▶ [Exercise instructions]:
Only one stretch of the records below is wanted: the lines from the one holding "- D5 pad 1: /ROW3 -> /ROW_3" through the one holding "[diagram v3a: part". Return it exactly, both ends included.

******

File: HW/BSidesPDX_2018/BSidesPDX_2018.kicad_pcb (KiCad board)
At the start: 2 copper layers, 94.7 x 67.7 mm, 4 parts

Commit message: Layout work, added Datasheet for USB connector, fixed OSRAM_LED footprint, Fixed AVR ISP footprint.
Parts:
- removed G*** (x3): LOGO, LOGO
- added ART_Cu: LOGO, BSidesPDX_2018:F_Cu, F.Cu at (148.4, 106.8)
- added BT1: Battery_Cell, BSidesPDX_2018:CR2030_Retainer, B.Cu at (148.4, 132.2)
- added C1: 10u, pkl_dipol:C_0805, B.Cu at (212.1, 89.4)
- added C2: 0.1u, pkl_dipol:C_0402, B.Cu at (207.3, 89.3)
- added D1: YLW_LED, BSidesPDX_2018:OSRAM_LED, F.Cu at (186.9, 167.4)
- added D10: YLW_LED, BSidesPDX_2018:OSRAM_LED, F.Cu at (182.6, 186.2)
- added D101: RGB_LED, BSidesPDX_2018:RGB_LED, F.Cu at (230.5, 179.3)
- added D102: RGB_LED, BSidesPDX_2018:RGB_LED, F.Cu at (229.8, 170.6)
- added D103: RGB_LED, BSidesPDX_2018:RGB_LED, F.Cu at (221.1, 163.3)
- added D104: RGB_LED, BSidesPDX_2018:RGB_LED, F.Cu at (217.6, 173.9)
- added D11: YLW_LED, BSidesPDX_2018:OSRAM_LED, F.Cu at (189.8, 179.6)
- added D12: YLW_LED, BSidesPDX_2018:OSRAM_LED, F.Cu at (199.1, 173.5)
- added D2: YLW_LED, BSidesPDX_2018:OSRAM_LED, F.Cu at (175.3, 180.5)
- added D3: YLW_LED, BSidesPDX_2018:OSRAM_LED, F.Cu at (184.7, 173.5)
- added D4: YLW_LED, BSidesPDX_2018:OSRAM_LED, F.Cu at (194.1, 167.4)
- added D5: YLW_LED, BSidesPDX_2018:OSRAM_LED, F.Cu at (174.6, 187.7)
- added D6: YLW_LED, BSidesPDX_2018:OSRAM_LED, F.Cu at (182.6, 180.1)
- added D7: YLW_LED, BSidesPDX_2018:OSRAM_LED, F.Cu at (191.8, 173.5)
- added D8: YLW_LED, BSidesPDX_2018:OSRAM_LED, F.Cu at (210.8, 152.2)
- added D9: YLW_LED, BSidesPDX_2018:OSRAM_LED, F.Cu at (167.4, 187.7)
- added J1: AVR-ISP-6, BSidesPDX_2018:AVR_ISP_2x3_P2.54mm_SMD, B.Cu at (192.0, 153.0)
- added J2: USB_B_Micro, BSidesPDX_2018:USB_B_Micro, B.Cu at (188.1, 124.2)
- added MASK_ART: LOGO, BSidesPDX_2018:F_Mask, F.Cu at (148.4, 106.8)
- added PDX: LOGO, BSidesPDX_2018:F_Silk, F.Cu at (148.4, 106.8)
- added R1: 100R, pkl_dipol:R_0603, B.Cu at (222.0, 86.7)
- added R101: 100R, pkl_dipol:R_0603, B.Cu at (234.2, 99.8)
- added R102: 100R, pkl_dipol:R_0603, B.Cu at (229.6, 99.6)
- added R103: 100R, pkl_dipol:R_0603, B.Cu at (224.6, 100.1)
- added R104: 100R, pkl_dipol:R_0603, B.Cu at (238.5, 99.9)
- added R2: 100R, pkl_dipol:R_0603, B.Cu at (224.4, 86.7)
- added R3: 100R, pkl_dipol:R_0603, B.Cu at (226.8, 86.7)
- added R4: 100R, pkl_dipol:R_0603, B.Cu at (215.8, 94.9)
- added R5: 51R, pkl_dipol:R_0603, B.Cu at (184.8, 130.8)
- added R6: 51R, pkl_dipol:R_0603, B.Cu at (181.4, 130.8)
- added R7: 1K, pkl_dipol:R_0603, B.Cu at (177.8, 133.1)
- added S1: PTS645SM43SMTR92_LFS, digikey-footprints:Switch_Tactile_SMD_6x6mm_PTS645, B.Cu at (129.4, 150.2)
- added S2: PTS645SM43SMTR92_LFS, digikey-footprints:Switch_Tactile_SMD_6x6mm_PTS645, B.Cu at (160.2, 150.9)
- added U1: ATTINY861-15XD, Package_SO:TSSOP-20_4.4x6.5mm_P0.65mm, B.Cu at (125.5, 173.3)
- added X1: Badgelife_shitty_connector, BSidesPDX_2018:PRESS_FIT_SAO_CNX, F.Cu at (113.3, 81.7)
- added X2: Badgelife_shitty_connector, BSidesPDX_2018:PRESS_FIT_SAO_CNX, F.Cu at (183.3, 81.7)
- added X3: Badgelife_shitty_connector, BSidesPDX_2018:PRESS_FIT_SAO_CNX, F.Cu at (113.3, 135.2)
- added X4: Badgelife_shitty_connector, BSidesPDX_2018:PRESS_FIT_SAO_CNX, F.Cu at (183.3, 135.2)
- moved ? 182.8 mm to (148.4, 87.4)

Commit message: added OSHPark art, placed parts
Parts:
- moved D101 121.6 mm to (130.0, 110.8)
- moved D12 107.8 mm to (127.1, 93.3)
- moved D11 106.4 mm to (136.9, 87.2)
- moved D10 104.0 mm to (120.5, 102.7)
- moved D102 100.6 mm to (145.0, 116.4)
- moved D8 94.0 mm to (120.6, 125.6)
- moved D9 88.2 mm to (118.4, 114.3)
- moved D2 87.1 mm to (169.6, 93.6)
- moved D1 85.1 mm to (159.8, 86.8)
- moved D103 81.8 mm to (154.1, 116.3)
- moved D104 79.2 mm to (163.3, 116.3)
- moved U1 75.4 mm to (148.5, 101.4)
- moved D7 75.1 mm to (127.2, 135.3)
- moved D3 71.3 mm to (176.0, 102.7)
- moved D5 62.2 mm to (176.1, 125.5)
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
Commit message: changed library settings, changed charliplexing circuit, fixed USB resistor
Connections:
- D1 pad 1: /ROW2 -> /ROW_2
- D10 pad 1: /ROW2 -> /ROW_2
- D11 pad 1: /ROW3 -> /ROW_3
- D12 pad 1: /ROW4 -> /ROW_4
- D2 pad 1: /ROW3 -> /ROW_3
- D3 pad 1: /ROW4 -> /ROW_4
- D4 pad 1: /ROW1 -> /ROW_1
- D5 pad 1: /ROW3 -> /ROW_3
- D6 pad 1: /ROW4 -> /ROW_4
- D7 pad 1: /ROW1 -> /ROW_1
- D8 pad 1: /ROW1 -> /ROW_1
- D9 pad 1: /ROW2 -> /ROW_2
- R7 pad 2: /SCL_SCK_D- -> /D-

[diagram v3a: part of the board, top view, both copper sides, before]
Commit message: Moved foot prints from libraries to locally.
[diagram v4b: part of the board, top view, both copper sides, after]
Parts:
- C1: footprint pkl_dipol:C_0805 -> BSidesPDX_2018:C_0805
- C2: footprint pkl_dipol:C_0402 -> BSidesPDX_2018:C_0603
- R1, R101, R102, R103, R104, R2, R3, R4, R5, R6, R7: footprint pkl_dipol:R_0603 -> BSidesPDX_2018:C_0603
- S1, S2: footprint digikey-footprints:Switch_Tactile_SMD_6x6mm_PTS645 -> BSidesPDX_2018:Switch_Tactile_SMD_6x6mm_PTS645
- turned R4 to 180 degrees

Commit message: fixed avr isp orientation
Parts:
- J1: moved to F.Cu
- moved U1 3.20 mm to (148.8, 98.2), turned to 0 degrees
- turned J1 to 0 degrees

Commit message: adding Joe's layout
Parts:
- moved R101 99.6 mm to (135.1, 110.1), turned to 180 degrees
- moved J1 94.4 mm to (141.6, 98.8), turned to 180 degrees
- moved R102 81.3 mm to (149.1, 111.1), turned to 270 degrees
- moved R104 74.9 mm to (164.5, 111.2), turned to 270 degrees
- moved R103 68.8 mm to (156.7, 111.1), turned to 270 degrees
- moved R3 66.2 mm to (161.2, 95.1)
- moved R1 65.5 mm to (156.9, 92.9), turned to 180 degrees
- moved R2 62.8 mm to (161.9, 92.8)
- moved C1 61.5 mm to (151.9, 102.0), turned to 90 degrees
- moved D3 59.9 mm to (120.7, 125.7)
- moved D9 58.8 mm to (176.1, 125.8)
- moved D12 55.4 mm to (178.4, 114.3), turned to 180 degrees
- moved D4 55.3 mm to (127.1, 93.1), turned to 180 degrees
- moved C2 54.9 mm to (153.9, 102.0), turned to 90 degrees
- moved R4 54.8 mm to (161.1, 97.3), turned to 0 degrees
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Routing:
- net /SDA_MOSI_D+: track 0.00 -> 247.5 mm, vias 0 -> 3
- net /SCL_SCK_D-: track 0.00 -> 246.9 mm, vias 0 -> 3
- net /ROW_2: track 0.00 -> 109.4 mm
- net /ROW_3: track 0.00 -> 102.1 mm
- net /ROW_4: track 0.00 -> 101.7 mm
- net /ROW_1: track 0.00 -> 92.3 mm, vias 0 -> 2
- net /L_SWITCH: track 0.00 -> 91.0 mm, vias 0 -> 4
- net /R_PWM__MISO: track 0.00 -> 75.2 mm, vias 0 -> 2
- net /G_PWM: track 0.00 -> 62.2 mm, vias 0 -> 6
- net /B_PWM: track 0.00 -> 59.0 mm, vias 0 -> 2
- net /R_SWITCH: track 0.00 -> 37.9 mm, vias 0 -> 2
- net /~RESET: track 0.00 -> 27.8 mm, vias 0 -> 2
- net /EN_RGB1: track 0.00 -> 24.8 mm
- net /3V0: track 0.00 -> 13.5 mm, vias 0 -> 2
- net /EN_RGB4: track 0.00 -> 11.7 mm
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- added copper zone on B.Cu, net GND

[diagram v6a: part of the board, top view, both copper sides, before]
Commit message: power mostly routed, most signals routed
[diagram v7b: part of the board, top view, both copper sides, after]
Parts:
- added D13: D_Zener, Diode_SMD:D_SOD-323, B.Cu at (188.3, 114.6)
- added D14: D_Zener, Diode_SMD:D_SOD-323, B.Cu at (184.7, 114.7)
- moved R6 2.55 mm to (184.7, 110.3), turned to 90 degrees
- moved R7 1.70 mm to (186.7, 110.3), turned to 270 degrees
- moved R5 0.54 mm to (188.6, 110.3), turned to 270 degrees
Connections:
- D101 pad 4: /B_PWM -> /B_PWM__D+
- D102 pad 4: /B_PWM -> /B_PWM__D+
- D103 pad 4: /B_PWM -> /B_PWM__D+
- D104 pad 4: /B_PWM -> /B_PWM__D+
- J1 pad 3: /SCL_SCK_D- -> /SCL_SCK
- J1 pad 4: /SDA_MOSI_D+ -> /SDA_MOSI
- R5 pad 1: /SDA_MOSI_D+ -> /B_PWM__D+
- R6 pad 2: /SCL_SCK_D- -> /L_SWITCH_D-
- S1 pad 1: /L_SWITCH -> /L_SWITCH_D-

******

▶ [Result for this task]:
- D5 pad 1: /ROW3 -> /ROW_3
- D6 pad 1: /ROW4 -> /ROW_4
- D7 pad 1: /ROW1 -> /ROW_1
- D8 pad 1: /ROW1 -> /ROW_1
- D9 pad 1: /ROW2 -> /ROW_2
- R7 pad 2: /SCL_SCK_D- -> /D-

[diagram v3a: part of the board, top view, both copper sides, before]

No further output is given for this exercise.